## Exercise
Copy every line from the records below that carries the word "dashed".

## Records for processing
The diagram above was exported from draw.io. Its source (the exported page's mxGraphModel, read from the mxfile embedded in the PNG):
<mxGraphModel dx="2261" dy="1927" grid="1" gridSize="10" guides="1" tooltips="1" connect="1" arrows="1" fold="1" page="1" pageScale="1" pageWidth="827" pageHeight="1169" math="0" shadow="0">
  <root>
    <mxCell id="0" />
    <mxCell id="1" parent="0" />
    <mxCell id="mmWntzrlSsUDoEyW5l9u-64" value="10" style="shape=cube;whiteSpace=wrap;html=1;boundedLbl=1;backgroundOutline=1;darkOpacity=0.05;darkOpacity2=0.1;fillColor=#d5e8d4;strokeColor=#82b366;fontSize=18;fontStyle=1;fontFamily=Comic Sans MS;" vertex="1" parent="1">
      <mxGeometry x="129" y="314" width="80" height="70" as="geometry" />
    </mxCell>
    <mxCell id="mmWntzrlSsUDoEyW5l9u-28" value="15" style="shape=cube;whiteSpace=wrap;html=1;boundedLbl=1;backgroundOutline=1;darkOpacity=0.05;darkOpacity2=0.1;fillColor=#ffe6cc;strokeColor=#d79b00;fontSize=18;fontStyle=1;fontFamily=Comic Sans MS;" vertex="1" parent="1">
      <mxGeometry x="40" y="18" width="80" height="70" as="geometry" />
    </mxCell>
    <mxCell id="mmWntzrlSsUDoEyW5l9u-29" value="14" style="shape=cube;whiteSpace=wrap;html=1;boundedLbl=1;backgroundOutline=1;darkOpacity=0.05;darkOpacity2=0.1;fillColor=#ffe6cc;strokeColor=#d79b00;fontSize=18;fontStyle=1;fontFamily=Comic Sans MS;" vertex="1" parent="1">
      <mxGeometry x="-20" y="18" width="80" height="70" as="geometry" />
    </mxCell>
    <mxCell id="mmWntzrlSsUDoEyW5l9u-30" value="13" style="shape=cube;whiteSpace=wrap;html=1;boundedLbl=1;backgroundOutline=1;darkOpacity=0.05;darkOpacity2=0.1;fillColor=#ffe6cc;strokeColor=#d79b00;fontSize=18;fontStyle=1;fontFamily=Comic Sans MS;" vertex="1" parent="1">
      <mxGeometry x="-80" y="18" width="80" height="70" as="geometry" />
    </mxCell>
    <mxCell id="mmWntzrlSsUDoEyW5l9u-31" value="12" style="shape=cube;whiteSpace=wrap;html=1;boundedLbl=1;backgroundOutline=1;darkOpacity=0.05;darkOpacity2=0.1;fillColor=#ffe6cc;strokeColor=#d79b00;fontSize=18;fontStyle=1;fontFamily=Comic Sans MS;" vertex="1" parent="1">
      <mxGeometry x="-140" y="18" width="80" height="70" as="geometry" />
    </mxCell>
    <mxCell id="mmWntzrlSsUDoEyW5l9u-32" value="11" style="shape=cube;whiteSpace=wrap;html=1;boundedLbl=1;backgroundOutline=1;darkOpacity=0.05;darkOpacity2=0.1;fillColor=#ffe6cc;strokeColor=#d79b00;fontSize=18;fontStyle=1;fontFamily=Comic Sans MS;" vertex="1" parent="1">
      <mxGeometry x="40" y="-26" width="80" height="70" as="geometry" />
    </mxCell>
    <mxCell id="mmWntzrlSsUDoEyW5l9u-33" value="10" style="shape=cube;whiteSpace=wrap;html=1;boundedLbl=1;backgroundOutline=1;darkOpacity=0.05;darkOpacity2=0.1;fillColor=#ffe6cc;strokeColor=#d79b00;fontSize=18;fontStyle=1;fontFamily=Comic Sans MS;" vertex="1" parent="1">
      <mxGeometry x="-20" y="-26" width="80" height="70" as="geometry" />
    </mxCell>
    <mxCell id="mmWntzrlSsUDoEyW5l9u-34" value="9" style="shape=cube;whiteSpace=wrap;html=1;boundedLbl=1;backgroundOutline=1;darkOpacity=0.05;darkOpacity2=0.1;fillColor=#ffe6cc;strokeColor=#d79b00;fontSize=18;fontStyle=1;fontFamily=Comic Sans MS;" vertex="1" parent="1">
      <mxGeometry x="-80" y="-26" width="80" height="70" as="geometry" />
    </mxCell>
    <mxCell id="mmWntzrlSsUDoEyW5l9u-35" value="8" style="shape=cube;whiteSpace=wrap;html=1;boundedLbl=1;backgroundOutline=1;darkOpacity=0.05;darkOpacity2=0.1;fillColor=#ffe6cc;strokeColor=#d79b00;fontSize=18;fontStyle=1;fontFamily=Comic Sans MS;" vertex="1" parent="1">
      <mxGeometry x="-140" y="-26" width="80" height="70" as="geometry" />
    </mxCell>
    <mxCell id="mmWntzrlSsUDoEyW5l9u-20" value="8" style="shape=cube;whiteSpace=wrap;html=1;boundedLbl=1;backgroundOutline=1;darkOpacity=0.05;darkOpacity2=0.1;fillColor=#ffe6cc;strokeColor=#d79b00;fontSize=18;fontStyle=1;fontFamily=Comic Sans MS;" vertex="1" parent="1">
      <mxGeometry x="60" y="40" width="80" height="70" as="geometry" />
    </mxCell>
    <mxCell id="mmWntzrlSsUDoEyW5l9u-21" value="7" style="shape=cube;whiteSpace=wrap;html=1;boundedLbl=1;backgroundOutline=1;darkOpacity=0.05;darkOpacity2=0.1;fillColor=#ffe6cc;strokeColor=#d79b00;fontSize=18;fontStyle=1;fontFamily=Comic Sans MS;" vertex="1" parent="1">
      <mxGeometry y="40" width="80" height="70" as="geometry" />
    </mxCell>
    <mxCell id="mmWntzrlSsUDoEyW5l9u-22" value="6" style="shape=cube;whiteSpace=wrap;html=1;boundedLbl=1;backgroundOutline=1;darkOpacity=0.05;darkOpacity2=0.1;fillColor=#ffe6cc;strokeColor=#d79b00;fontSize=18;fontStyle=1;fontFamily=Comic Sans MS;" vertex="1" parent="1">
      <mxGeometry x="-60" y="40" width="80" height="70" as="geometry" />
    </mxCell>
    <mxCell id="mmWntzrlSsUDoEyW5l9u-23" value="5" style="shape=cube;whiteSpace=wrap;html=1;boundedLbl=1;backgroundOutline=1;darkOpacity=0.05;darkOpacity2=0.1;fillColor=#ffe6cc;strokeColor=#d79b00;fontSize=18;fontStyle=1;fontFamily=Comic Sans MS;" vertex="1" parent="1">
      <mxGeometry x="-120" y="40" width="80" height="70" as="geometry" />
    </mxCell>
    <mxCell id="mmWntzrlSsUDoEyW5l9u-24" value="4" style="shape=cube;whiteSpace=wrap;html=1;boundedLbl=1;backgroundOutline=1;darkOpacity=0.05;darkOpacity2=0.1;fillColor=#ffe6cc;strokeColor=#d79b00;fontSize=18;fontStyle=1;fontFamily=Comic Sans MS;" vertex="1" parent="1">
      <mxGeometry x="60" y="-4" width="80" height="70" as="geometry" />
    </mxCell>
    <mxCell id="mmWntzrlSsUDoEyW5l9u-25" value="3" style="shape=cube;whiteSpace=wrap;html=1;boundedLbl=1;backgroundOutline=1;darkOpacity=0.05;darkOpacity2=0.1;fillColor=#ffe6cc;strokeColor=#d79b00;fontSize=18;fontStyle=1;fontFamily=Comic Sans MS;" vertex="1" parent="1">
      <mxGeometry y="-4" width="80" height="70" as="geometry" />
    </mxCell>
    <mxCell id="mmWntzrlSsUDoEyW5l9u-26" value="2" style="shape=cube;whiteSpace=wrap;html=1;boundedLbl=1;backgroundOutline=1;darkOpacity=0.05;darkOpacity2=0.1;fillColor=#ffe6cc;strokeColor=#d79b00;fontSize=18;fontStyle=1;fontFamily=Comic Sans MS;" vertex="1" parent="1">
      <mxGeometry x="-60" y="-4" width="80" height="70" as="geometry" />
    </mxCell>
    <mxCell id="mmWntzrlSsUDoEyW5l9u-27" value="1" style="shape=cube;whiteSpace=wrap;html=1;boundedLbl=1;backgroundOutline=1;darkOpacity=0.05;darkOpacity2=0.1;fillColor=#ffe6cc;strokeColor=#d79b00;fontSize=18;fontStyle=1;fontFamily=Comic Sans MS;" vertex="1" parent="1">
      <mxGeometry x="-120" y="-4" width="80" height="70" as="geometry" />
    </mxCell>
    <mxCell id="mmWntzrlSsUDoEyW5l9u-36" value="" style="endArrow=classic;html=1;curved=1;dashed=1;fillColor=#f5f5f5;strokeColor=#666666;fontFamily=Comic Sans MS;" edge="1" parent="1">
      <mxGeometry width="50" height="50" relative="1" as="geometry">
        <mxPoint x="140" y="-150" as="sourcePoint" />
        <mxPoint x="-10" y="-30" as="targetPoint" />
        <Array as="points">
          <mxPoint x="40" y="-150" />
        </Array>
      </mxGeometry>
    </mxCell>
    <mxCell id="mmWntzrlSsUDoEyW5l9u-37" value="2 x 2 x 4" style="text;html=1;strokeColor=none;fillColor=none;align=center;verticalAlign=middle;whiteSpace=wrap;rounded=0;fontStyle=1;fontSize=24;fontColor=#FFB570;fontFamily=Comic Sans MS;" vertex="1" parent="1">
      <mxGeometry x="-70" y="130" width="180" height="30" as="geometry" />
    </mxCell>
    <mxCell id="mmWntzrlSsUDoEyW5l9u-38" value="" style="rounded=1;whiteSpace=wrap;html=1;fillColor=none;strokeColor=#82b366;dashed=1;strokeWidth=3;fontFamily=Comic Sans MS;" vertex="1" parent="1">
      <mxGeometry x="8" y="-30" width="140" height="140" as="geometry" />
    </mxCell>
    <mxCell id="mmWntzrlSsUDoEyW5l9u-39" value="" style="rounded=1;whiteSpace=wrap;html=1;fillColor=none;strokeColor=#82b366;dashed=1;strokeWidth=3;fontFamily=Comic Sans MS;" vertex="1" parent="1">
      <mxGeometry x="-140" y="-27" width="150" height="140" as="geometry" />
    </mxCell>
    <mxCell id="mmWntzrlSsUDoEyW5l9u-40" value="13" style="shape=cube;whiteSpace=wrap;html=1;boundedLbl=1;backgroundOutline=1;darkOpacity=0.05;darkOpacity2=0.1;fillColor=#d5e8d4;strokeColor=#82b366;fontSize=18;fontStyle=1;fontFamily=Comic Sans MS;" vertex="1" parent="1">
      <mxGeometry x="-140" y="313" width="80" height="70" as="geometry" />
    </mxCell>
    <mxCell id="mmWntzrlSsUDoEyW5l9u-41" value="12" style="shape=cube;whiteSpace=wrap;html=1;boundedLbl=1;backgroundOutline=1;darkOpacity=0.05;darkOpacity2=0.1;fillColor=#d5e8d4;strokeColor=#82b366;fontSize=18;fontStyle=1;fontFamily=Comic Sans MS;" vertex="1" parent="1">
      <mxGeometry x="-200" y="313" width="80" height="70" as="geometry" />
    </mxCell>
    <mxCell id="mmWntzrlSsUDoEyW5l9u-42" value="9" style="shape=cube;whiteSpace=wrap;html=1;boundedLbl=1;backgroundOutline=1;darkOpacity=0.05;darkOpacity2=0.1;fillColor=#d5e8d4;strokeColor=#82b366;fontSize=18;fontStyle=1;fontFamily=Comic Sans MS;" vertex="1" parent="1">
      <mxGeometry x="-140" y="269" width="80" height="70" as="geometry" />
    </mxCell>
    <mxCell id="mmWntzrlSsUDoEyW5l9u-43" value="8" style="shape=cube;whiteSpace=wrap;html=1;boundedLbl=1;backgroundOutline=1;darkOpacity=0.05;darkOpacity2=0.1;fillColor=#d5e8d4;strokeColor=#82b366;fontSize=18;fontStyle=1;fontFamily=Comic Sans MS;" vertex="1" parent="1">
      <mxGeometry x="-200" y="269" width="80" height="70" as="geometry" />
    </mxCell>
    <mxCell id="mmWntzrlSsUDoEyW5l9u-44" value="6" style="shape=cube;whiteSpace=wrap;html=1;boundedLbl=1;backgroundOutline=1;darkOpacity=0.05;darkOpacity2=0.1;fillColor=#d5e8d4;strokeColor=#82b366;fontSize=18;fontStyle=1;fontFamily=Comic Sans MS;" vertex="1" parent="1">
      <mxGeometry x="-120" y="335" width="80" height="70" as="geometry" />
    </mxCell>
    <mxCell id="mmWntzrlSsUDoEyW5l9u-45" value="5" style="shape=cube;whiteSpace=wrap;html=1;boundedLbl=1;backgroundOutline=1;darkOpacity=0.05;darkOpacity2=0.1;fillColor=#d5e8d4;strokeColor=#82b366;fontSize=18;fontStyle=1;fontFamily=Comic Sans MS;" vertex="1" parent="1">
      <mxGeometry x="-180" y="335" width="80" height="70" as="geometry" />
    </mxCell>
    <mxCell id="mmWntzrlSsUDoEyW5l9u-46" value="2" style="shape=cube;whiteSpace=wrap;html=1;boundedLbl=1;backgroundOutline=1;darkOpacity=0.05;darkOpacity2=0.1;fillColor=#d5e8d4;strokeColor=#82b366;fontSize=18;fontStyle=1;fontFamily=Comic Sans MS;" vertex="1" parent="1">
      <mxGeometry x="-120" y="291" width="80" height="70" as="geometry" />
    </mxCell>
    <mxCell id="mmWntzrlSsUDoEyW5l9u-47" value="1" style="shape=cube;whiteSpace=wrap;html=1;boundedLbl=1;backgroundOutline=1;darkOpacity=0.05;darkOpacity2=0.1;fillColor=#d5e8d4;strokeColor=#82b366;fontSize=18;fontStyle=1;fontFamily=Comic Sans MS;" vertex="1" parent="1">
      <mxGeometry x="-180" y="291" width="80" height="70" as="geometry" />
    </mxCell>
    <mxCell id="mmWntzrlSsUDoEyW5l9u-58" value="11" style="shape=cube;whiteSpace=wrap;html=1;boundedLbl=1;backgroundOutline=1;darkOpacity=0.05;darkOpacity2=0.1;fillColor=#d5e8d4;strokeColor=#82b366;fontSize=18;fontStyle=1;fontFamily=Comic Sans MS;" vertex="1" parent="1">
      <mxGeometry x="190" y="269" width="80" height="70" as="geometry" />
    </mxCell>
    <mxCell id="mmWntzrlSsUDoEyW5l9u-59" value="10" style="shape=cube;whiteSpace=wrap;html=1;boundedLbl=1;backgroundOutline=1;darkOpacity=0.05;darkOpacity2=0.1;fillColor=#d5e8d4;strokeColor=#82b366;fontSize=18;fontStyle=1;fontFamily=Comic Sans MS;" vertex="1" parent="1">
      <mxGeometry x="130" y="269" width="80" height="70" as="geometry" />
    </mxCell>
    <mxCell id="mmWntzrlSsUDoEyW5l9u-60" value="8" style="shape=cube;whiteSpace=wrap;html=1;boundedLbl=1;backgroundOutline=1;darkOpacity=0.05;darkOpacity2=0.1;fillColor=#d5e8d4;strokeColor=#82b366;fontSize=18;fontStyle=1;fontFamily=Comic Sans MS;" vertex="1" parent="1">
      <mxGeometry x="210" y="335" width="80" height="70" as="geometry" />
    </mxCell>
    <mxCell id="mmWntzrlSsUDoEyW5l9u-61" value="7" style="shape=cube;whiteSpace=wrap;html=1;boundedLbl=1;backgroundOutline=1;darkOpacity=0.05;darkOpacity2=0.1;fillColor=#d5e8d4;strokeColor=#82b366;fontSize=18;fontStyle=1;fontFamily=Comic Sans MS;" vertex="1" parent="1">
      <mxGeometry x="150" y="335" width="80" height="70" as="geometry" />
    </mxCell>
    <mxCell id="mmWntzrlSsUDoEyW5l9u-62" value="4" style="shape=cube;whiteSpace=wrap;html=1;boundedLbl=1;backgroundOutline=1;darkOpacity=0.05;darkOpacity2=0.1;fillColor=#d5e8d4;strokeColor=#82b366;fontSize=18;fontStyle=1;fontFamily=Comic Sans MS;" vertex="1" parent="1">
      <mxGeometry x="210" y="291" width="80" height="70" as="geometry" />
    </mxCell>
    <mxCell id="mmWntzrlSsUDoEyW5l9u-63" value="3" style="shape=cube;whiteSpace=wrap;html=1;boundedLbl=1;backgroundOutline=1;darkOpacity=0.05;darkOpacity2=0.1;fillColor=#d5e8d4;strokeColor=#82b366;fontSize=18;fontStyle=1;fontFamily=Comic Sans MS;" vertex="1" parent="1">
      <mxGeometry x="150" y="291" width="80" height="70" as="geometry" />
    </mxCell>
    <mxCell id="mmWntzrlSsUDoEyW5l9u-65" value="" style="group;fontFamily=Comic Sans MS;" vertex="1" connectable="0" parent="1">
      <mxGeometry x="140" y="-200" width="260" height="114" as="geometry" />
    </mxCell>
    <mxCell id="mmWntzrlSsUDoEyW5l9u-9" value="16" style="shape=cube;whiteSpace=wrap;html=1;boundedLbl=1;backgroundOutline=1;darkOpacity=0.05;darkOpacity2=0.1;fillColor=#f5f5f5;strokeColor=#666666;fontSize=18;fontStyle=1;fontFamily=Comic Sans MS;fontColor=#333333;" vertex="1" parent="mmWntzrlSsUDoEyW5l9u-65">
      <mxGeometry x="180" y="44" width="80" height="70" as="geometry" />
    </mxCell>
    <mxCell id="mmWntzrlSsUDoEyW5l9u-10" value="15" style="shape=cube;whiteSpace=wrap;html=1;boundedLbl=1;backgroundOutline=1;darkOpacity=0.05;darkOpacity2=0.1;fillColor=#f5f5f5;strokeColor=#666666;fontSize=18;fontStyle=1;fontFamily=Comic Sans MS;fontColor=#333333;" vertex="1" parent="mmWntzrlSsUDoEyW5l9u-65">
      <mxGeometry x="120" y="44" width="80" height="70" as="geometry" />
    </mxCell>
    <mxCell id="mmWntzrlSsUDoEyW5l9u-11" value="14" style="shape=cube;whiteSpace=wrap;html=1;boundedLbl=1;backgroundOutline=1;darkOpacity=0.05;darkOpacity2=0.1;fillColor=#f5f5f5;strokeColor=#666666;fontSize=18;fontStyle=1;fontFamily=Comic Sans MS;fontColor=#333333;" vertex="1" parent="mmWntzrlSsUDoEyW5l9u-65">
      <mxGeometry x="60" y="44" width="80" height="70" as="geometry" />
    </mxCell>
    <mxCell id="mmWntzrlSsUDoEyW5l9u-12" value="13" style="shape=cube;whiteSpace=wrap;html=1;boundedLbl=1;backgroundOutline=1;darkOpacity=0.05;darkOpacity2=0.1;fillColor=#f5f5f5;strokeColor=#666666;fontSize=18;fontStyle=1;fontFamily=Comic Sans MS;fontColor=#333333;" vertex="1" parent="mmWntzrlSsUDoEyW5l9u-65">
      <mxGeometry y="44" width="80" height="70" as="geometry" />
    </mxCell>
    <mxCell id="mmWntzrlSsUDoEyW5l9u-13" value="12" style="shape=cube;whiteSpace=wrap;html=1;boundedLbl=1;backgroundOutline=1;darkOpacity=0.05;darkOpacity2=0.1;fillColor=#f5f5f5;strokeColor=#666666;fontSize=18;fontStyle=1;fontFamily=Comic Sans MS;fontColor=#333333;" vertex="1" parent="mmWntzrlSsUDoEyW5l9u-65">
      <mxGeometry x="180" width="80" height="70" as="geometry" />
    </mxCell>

## Exercise result
    <mxCell id="mmWntzrlSsUDoEyW5l9u-36" value="" style="endArrow=classic;html=1;curved=1;dashed=1;fillColor=#f5f5f5;strokeColor=#666666;fontFamily=Comic Sans MS;" edge="1" parent="1">
    <mxCell id="mmWntzrlSsUDoEyW5l9u-38" value="" style="rounded=1;whiteSpace=wrap;html=1;fillColor=none;strokeColor=#82b366;dashed=1;strokeWidth=3;fontFamily=Comic Sans MS;" vertex="1" parent="1">
    <mxCell id="mmWntzrlSsUDoEyW5l9u-39" value="" style="rounded=1;whiteSpace=wrap;html=1;fillColor=none;strokeColor=#82b366;dashed=1;strokeWidth=3;fontFamily=Comic Sans MS;" vertex="1" parent="1">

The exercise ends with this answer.